Autre obstacle: la désinformation. Une grande partie de la population reste convaincue que le virus est une fausse information ("fake news") lancée pour justifier la présence des ONG internationales sur le terrain et faciliter l’extraction des ressources naturelles de la RDC. D’autres encore sont persuadés que les médecins ont inventé Ebola. L'objectif serait alors d'attirer les patients dans les hôpitaux pour les tuer et vendre leurs organes. Selon une enquête du journal scientifique Lancet Infectious Diseases Journal, réalisée en septembre 2018, 25% des personnes interrogées nieraient l’existence d’Ebola.

Méfiance

Les observateurs ne manquent par ailleurs pas de souligner que les régions touchées par l'épidémie sont négligées par le gouvernement. Le manque d'infrastructures - électricité, routes -, et d'un système efficace d’éducation et de santé contribue à déconsidérer le pouvoir. La méfiance s'est accrue en décembre 2018, quand le gouvernement a empêché les régions de Beni et Butembo (favorables à l'opposition) de participer à la présidentielle pour, aux dires des autorités, contenir la diffusion d’Ebola. Résultat: la population locale pense aujourd'hui que ceux qui luttent contre le virus appartiennent au camp du pouvoir. 

Les médecins sont donc contraints de s’adapter à des patients qui doutent de leur expertise et de l’existence même du virus. "C'est très difficile. Quand ils ont brûlé nos bureaux, nous nous sommes retirés", explique à franceinfo Afrique le Dr Armand Sprecher : "Vous ne pouvez contrôler (une situation de crise de santé publique) que si vous obtenez  la participation de la communauté"  dans les actions contre la maladie. Le secrétaire général de l’ONU, Antonio Guterres ne dit pas autre chose. 

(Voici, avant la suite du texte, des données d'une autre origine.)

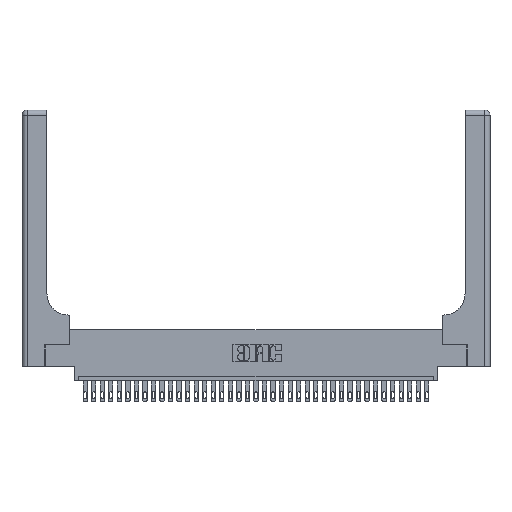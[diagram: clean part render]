
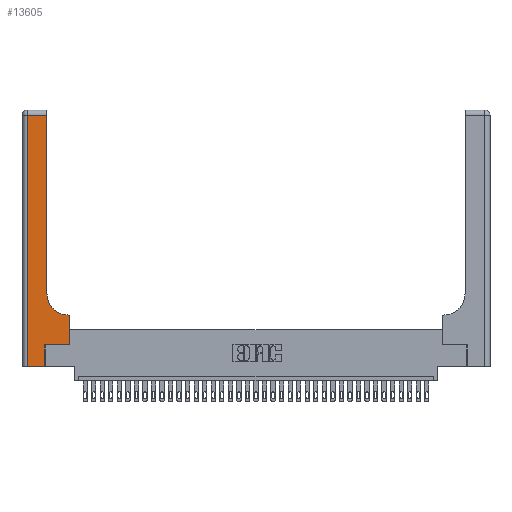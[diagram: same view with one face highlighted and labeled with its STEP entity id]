
A CAD part, top view. The second image highlights one B-rep face of the part: STEP entity #13605.
In plain terms, the highlighted planar face has unit normal (0, 0, 1).
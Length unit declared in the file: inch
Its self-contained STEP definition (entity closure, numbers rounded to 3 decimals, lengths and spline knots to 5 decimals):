
#290 = EDGE_CURVE ( 'NONE', #16641, #26768, #25634, .T. ) ;
#1425 = CARTESIAN_POINT ( 'NONE',  ( 0.5585, 0.6, 0.37 ) ) ;
#2422 = CARTESIAN_POINT ( 'NONE',  ( 0.269, 0.25, 0.37 ) ) ;
#2901 = ORIENTED_EDGE ( 'NONE', *, *, #290, .T. ) ;
#4393 = VECTOR ( 'NONE', #8873, 39.37008 ) ;
#5111 = DIRECTION ( 'NONE',  ( 0., 0., -1. ) ) ;
#5740 = AXIS2_PLACEMENT_3D ( 'NONE', #21909, #5111, #24916 ) ;
#6019 = ORIENTED_EDGE ( 'NONE', *, *, #33769, .T. ) ;
#6186 = CARTESIAN_POINT ( 'NONE',  ( 0.2915, 3., 0.37 ) ) ;
#6243 = LINE ( 'NONE', #6697, #34262 ) ;
#6419 = CARTESIAN_POINT ( 'NONE',  ( 0.2915, 0.6, 0.37 ) ) ;
#6697 = CARTESIAN_POINT ( 'NONE',  ( 0.5585, 0.25, 0.37 ) ) ;
#6966 = DIRECTION ( 'NONE',  ( 0., 1., 0. ) ) ;
#7096 = VECTOR ( 'NONE', #29529, 39.37008 ) ;
#7217 = VECTOR ( 'NONE', #21455, 39.37008 ) ;
#7406 = LINE ( 'NONE', #6419, #36260 ) ;
#8873 = DIRECTION ( 'NONE',  ( 0., 1., 0. ) ) ;
#9122 = FACE_OUTER_BOUND ( 'NONE', #29469, .T. ) ;
#9445 = CARTESIAN_POINT ( 'NONE',  ( 0.5415, 0.85, 0.37 ) ) ;
#11107 = VECTOR ( 'NONE', #24466, 39.37008 ) ;
#11159 = ORIENTED_EDGE ( 'NONE', *, *, #32694, .T. ) ;
#12435 = VERTEX_POINT ( 'NONE', #26517 ) ;
#12613 = LINE ( 'NONE', #31191, #25283 ) ;
#12978 = CARTESIAN_POINT ( 'NONE',  ( 0.06, 2.94, 0.37 ) ) ;
#13605 = ADVANCED_FACE ( 'NONE', ( #9122 ), #19083, .F. ) ;
#13641 = CARTESIAN_POINT ( 'NONE',  ( 0.269, 0., 0.37 ) ) ;
#14065 = ORIENTED_EDGE ( 'NONE', *, *, #16180, .T. ) ;
#14333 = ORIENTED_EDGE ( 'NONE', *, *, #16383, .T. ) ;
#14579 = DIRECTION ( 'NONE',  ( 1., 0., 0. ) ) ;
#14777 = CARTESIAN_POINT ( 'NONE',  ( 0.5585, 0.25, 0.37 ) ) ;
#16180 = EDGE_CURVE ( 'NONE', #31263, #32596, #30791, .T. ) ;
#16383 = EDGE_CURVE ( 'NONE', #22681, #22787, #6243, .T. ) ;
#16641 = VERTEX_POINT ( 'NONE', #30558 ) ;
#17530 = VERTEX_POINT ( 'NONE', #12978 ) ;
#17573 = DIRECTION ( 'NONE',  ( -1., 0., 0. ) ) ;
#17894 = VERTEX_POINT ( 'NONE', #29404 ) ;
#18436 = AXIS2_PLACEMENT_3D ( 'NONE', #9445, #31311, #14579 ) ;
#18727 = ORIENTED_EDGE ( 'NONE', *, *, #28023, .T. ) ;
#19083 = PLANE ( 'NONE',  #5740 ) ;
#19827 = CARTESIAN_POINT ( 'NONE',  ( 0.269, 0., 0.37 ) ) ;
#21455 = DIRECTION ( 'NONE',  ( 1., 0., 0. ) ) ;
#21612 = LINE ( 'NONE', #29280, #7096 ) ;
#21909 = CARTESIAN_POINT ( 'NONE',  ( 0., 3., 0.37 ) ) ;
#22381 = VECTOR ( 'NONE', #30352, 39.37008 ) ;
#22681 = VERTEX_POINT ( 'NONE', #14777 ) ;
#22787 = VERTEX_POINT ( 'NONE', #1425 ) ;
#22933 = EDGE_CURVE ( 'NONE', #12435, #22681, #33434, .T. ) ;
#23034 = ORIENTED_EDGE ( 'NONE', *, *, #22933, .T. ) ;
#24466 = DIRECTION ( 'NONE',  ( 1., 0., 0. ) ) ;
#24916 = DIRECTION ( 'NONE',  ( -1., 0., 0. ) ) ;
#24950 = CARTESIAN_POINT ( 'NONE',  ( 0.06, 0., 0.37 ) ) ;
#25283 = VECTOR ( 'NONE', #34006, 39.37008 ) ;
#25634 = CIRCLE ( 'NONE', #18436, 0.25 ) ;
#26517 = CARTESIAN_POINT ( 'NONE',  ( 0.269, 0.25, 0.37 ) ) ;
#26768 = VERTEX_POINT ( 'NONE', #33191 ) ;
#27359 = ORIENTED_EDGE ( 'NONE', *, *, #28721, .T. ) ;
#28023 = EDGE_CURVE ( 'NONE', #32596, #12435, #30204, .T. ) ;
#28721 = EDGE_CURVE ( 'NONE', #22787, #16641, #7406, .T. ) ;
#29280 = CARTESIAN_POINT ( 'NONE',  ( 0.06, 3., 0.37 ) ) ;
#29281 = LINE ( 'NONE', #6186, #4393 ) ;
#29352 = EDGE_CURVE ( 'NONE', #17894, #17530, #12613, .T. ) ;
#29404 = CARTESIAN_POINT ( 'NONE',  ( 0.2915, 2.94, 0.37 ) ) ;
#29469 = EDGE_LOOP ( 'NONE', ( #6019, #31462, #11159, #14065, #18727, #23034, #14333, #27359, #2901 ) ) ;
#29529 = DIRECTION ( 'NONE',  ( 0., -1., 0. ) ) ;
#30204 = LINE ( 'NONE', #13641, #22381 ) ;
#30352 = DIRECTION ( 'NONE',  ( 0., 1., 0. ) ) ;
#30558 = CARTESIAN_POINT ( 'NONE',  ( 0.5415, 0.6, 0.37 ) ) ;
#30791 = LINE ( 'NONE', #35447, #7217 ) ;
#31191 = CARTESIAN_POINT ( 'NONE',  ( 0., 2.94, 0.37 ) ) ;
#31263 = VERTEX_POINT ( 'NONE', #24950 ) ;
#31311 = DIRECTION ( 'NONE',  ( 0., 0., -1. ) ) ;
#31462 = ORIENTED_EDGE ( 'NONE', *, *, #29352, .T. ) ;
#32596 = VERTEX_POINT ( 'NONE', #19827 ) ;
#32694 = EDGE_CURVE ( 'NONE', #17530, #31263, #21612, .T. ) ;
#33191 = CARTESIAN_POINT ( 'NONE',  ( 0.2915, 0.85, 0.37 ) ) ;
#33434 = LINE ( 'NONE', #2422, #11107 ) ;
#33769 = EDGE_CURVE ( 'NONE', #26768, #17894, #29281, .T. ) ;
#34006 = DIRECTION ( 'NONE',  ( -1., 0., 0. ) ) ;
#34262 = VECTOR ( 'NONE', #6966, 39.37008 ) ;
#35447 = CARTESIAN_POINT ( 'NONE',  ( 0., 0., 0.37 ) ) ;
#36260 = VECTOR ( 'NONE', #17573, 39.37008 ) ;

Des membres de l\'équipe MSF à l\'entrée de l\'hôpital en RDC, le 20 mai 2018
Des membres de l'équipe MSF à l'entrée de l'hôpital en RDC, le 20 mai 2018 (JUNIOR D. KANNAH / AFP)

"J’envisageais Ebola comme un problème technique biomédical. Mais en réalité, il s'agit d'un problème à la fois politique, économique et d'inégalité sociale", dit le microbiologiste canadien Steven Jones, chef de l'équipe qui a découvert le vaccin rVSV-ZEBOVa en 2003. Sans confiance de la part des habitants concernés, il ne faut attendre aucun progrès susceptible d'enrayer l'épidémie. "Pourquoi devraient-ils collaborer avec vous quand ils sont convaincus qu’Ebola n'existe pas et que ce qui ressemble à un traitement est en fait une expérience menée sur des Africains pauvres?", souffle Armand Sprecher.